** THE DATA follows **
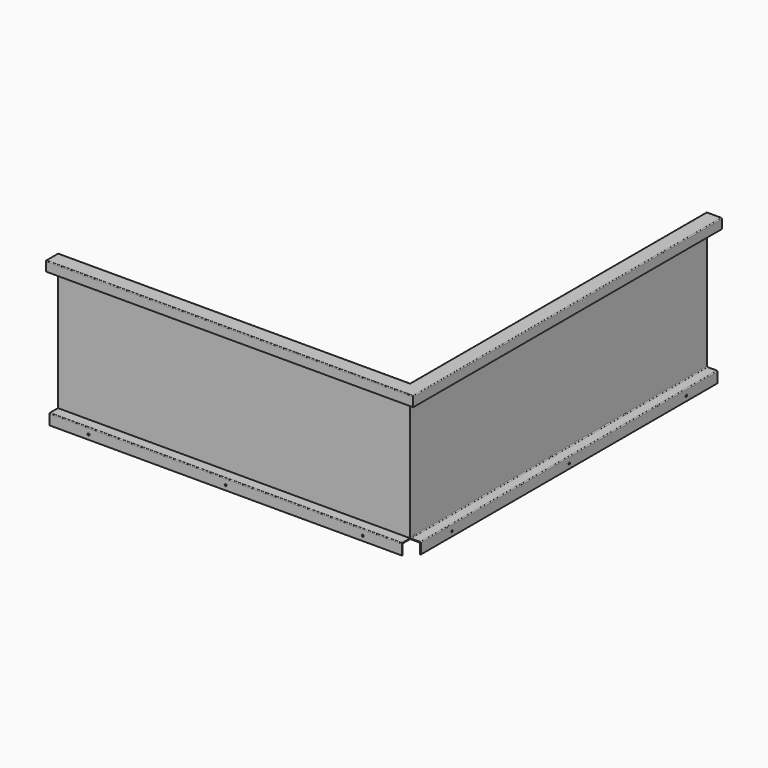
from build123d import *

# Parameters (mm, degrees)
F3_W         = 27
F3_H         = 27
F4_DEPTH     = 30
F5_T1_DEPTH  = 950
F5_T3_DEPTH  = 986
F5_T5_DEPTH  = 902
F5_T7_DEPTH  = 938
F5_T13_DEPTH = 955
F5_T17_DEPTH = 907
F5_T20_DEPTH = 960
F5_T22_DEPTH = 998
F5_T24_DEPTH = 953
F5_T26_DEPTH = 950
F5_T28_DEPTH = 905
F5_T30_DEPTH = 912
F5_T36_DEPTH = 910
F5_T40_DEPTH = 958
F5_T47_DEPTH = 910
F5_T51_DEPTH = 958
F8_D         = 5
F8_ON_F6_D   = 5


# Not quite as in the source:
# - a fillet or chamfer that OpenCascade refuses, or shapes differently, is made with other operations: its cross-section is extruded or revolved along the edge and cut away or added


with BuildPart() as f2:
    # F2: sweep along a path in F1
    with BuildLine(Plane.XY) as f2_path:
        Line((0, 0), (0, -948))
        Line((0, -948), (-900, -948))
    # F0 (on Front) → F2 (sweep)
    with BuildSketch(Plane.XZ):
        Polygon((38, -2), (38, -25), (40, -25), (40, 0), (0, 0), (0, -350), (27, -350), (27, -376), (29, -376), (29, -348), (2, -348), (2, -2), align=None)
    sweep(path=f2_path.line, transition=Transition.RIGHT)

    # F3 (on face) → F4 (cut)
    with BuildSketch(Plane.XY.offset(-348)):
        with Locations((15.5, -963.5)):
            Rectangle(F3_W, F3_H)
    extrude(amount=-F4_DEPTH, mode=Mode.SUBTRACT)

    # F5: fillet of radius 2 on 15 edges, made by hand

    # F5_s2 → F5_t1 (join)
    with BuildSketch(Plane.XZ):
        with BuildLine():
            ThreePointArc((2, -346), (2.5857864376, -347.4142135624), (4, -348))
            Line((4, -348), (2, -348))
            Line((2, -348), (2, -346))
        make_face()
        with BuildLine():
            ThreePointArc((25, -350), (26.4142135624, -350.5857864376), (27, -352))
            Line((27, -352), (27, -350))
            Line((27, -350), (25, -350))
        make_face()
        with BuildLine():
            ThreePointArc((4, -2), (2.5857864376, -2.5857864376), (2, -4))
            Line((2, -4), (2, -2))
            Line((2, -2), (4, -2))
        make_face()
    extrude(amount=F5_T1_DEPTH)

    # F5_s4 → F5_t3 (join)
    with BuildSketch(Plane.XZ):
        with BuildLine():
            ThreePointArc((38, -4), (37.4142135624, -2.5857864376), (36, -2))
            Line((36, -2), (38, -2))
            Line((38, -2), (38, -4))
        make_face()
    extrude(amount=F5_T3_DEPTH)

    # F5_s6 → F5_t5 (join)
    with BuildSketch(Plane.YZ.offset(-900)):
        with BuildLine():
            ThreePointArc((-973, -350), (-974.4142135624, -350.5857864376), (-975, -352))
            Line((-975, -352), (-975, -350))
            Line((-975, -350), (-973, -350))
        make_face()
        with BuildLine():
            ThreePointArc((-952, -2), (-950.5857864376, -2.5857864376), (-950, -4))
            Line((-950, -4), (-950, -2))
            Line((-950, -2), (-952, -2))
        make_face()
    extrude(amount=F5_T5_DEPTH)

    # F5_s8 → F5_t7 (join)
    with BuildSketch(Plane.YZ.offset(-900)):
        with BuildLine():
            ThreePointArc((-984, -2), (-985.4142135624, -2.5857864376), (-986, -4))
            Line((-986, -4), (-986, -2))
            Line((-986, -2), (-984, -2))
        make_face()
    extrude(amount=F5_T7_DEPTH)


with BuildPart() as f5_tool11:
    # F5_s12 → F5_t13 (new body)
    with BuildSketch(Plane.XZ):
        with BuildLine():
            ThreePointArc((4, -2), (2.5857864376, -2.5857864376), (2, -4))
            Line((2, -4), (2, -2))
            Line((2, -2), (4, -2))
        make_face()
    extrude(amount=F5_T13_DEPTH)

    split(bisect_by=Plane.XZ.offset(950), keep=Keep.TOP)


with BuildPart() as f5_tool15:
    # F5_s16 → F5_t17 (new body)
    with BuildSketch(Plane.YZ.offset(7)):
        with BuildLine():
            ThreePointArc((-952, -2), (-950.5857864376, -2.5857864376), (-950, -4))
            Line((-950, -4), (-950, -2))
            Line((-950, -2), (-952, -2))
        make_face()
    extrude(amount=-F5_T17_DEPTH)

    split(bisect_by=Plane.YZ.offset(2), keep=Keep.TOP)


with BuildPart() as f5_tool11_1:
    add(f5_tool11.part)

    # F5_t19: intersect F5_tool15
    add(f5_tool15.part, mode=Mode.INTERSECT)


with BuildPart() as f2_1:
    add(f2.part)

    # F5_t9: union F5_tool11
    add(f5_tool11_1.part)

    # F5_s21 → F5_t20 (cut)
    with BuildSketch(Plane.XZ.offset(-5)):
        with BuildLine():
            ThreePointArc((27, -348), (28.4142135624, -348.5857864376), (29, -350))
            Line((29, -350), (29, -348))
            Line((29, -348), (27, -348))
        make_face()
    extrude(amount=F5_T20_DEPTH, mode=Mode.SUBTRACT)

    # F5_s23 → F5_t22 (cut)
    with BuildSketch(Plane.XZ.offset(-5)):
        with BuildLine():
            ThreePointArc((38, 0), (39.4142135624, -0.5857864376), (40, -2))
            Line((40, -2), (40, 0))
            Line((40, 0), (38, 0))
        make_face()
    extrude(amount=F5_T22_DEPTH, mode=Mode.SUBTRACT)

    # F5_s25 → F5_t24 (cut)
    with BuildSketch(Plane.XZ.offset(-5)):
        with BuildLine():
            ThreePointArc((0, -2), (0.5857864376, -0.5857864376), (2, 0))
            Line((2, 0), (0, 0))
            Line((0, 0), (0, -2))
        make_face()
        with BuildLine():
            ThreePointArc((2, -350), (0.5857864376, -349.4142135624), (0, -348))
            Line((0, -348), (0, -350))
            Line((0, -350), (2, -350))
        make_face()
    extrude(amount=F5_T24_DEPTH, mode=Mode.SUBTRACT)

    # F5_s27 → F5_t26 (cut)
    with BuildSketch(Plane.YZ.offset(-905)):
        with BuildLine():
            ThreePointArc((-988, -2), (-987.4142135624, -0.5857864376), (-986, 0))
            Line((-986, 0), (-988, 0))
            Line((-988, 0), (-988, -2))
        make_face()
    extrude(amount=F5_T26_DEPTH, mode=Mode.SUBTRACT)

    # F5_s29 → F5_t28 (cut)
    with BuildSketch(Plane.YZ.offset(-905)):
        with BuildLine():
            ThreePointArc((-948, -2), (-948.5857864376, -0.5857864376), (-950, 0))
            Line((-950, 0), (-948, 0))
            Line((-948, 0), (-948, -2))
        make_face()
        with BuildLine():
            ThreePointArc((-948, -348), (-948.5857864376, -349.4142135624), (-950, -350))
            Line((-950, -350), (-948, -350))
            Line((-948, -350), (-948, -348))
        make_face()
    extrude(amount=F5_T28_DEPTH, mode=Mode.SUBTRACT)

    # F5_s31 → F5_t30 (cut)
    with BuildSketch(Plane.YZ.offset(-905)):
        with BuildLine():
            ThreePointArc((-977, -350), (-976.4142135624, -348.5857864376), (-975, -348))
            Line((-975, -348), (-977, -348))
            Line((-977, -348), (-977, -350))
        make_face()
    extrude(amount=F5_T30_DEPTH, mode=Mode.SUBTRACT)


with BuildPart() as f5_tool34:
    # F5_s35 → F5_t36 (new body)
    with BuildSketch(Plane.YZ.offset(5)):
        with BuildLine():
            ThreePointArc((-948, -2), (-948.5857864376, -0.5857864376), (-950, 0))
            Line((-950, 0), (-948, 0))
            Line((-948, 0), (-948, -2))
        make_face()
    extrude(amount=-F5_T36_DEPTH)

    split(bisect_by=Plane.YZ, keep=Keep.TOP)


with BuildPart() as f5_tool38:
    # F5_s39 → F5_t40 (new body)
    with BuildSketch(Plane.XZ.offset(-5)):
        with BuildLine():
            ThreePointArc((0, -2), (0.5857864376, -0.5857864376), (2, 0))
            Line((2, 0), (0, 0))
            Line((0, 0), (0, -2))
        make_face()
    extrude(amount=F5_T40_DEPTH)

    split(bisect_by=Plane.XZ.offset(948), keep=Keep.TOP)


with BuildPart() as f5_tool34_1:
    add(f5_tool34.part)

    # F5_t42: intersect F5_tool38
    add(f5_tool38.part, mode=Mode.INTERSECT)


with BuildPart() as f2_2:
    add(f2_1.part)

    # F5_t32: cut F5_tool34
    add(f5_tool34_1.part, mode=Mode.SUBTRACT)


with BuildPart() as f5_tool45:
    # F5_s46 → F5_t47 (new body)
    with BuildSketch(Plane.YZ.offset(5)):
        with BuildLine():
            ThreePointArc((-948, -348), (-948.5857864376, -349.4142135624), (-950, -350))
            Line((-950, -350), (-948, -350))
            Line((-948, -350), (-948, -348))
        make_face()
    extrude(amount=-F5_T47_DEPTH)

    split(bisect_by=Plane.YZ, keep=Keep.TOP)


with BuildPart() as f5_tool49:
    # F5_s50 → F5_t51 (new body)
    with BuildSketch(Plane.XZ.offset(-5)):
        with BuildLine():
            ThreePointArc((2, -350), (0.5857864376, -349.4142135624), (0, -348))
            Line((0, -348), (0, -350))
            Line((0, -350), (2, -350))
        make_face()
    extrude(amount=F5_T51_DEPTH)

    split(bisect_by=Plane.XZ.offset(948), keep=Keep.TOP)


with BuildPart() as f5_tool45_1:
    add(f5_tool45.part)

    # F5_t53: intersect F5_tool49
    add(f5_tool49.part, mode=Mode.INTERSECT)


with BuildPart() as f2_3:
    add(f2_2.part)

    # F5_t43: cut F5_tool45
    add(f5_tool45_1.part, mode=Mode.SUBTRACT)

    # F8 (through all)
    with Locations(Plane(origin=(0, -975, 0), x_dir=(-1, 0, 0), z_dir=(0, 1, 0))):
        with Locations((98, -364), (449, -364), (800, -364)):
            Hole(F8_D / 2)

    # F8 on F6 (through all)
    with Locations(Plane(origin=(27, 0, 0), x_dir=(0, -1, 0), z_dir=(-1, 0, 0))):
        with Locations((100, -364), (475, -364), (850, -364)):
            Hole(F8_ON_F6_D / 2)


solid = f2_3.part
** End of THE DATA **
▸ TASK PROMPT
Repeat only what runs from the line holding "extrude(amount=F5_T51_DEPTH)" to the end of the data, keeping every line exactly as written, first and last included.

▸ OUTPUT OF THE TASK
    extrude(amount=F5_T51_DEPTH)

    split(bisect_by=Plane.XZ.offset(948), keep=Keep.TOP)


with BuildPart() as f5_tool45_1:
    add(f5_tool45.part)

    # F5_t53: intersect F5_tool49
    add(f5_tool49.part, mode=Mode.INTERSECT)


with BuildPart() as f2_3:
    add(f2_2.part)

    # F5_t43: cut F5_tool45
    add(f5_tool45_1.part, mode=Mode.SUBTRACT)

    # F8 (through all)
    with Locations(Plane(origin=(0, -975, 0), x_dir=(-1, 0, 0), z_dir=(0, 1, 0))):
        with Locations((98, -364), (449, -364), (800, -364)):
            Hole(F8_D / 2)

    # F8 on F6 (through all)
    with Locations(Plane(origin=(27, 0, 0), x_dir=(0, -1, 0), z_dir=(-1, 0, 0))):
        with Locations((100, -364), (475, -364), (850, -364)):
            Hole(F8_ON_F6_D / 2)


solid = f2_3.part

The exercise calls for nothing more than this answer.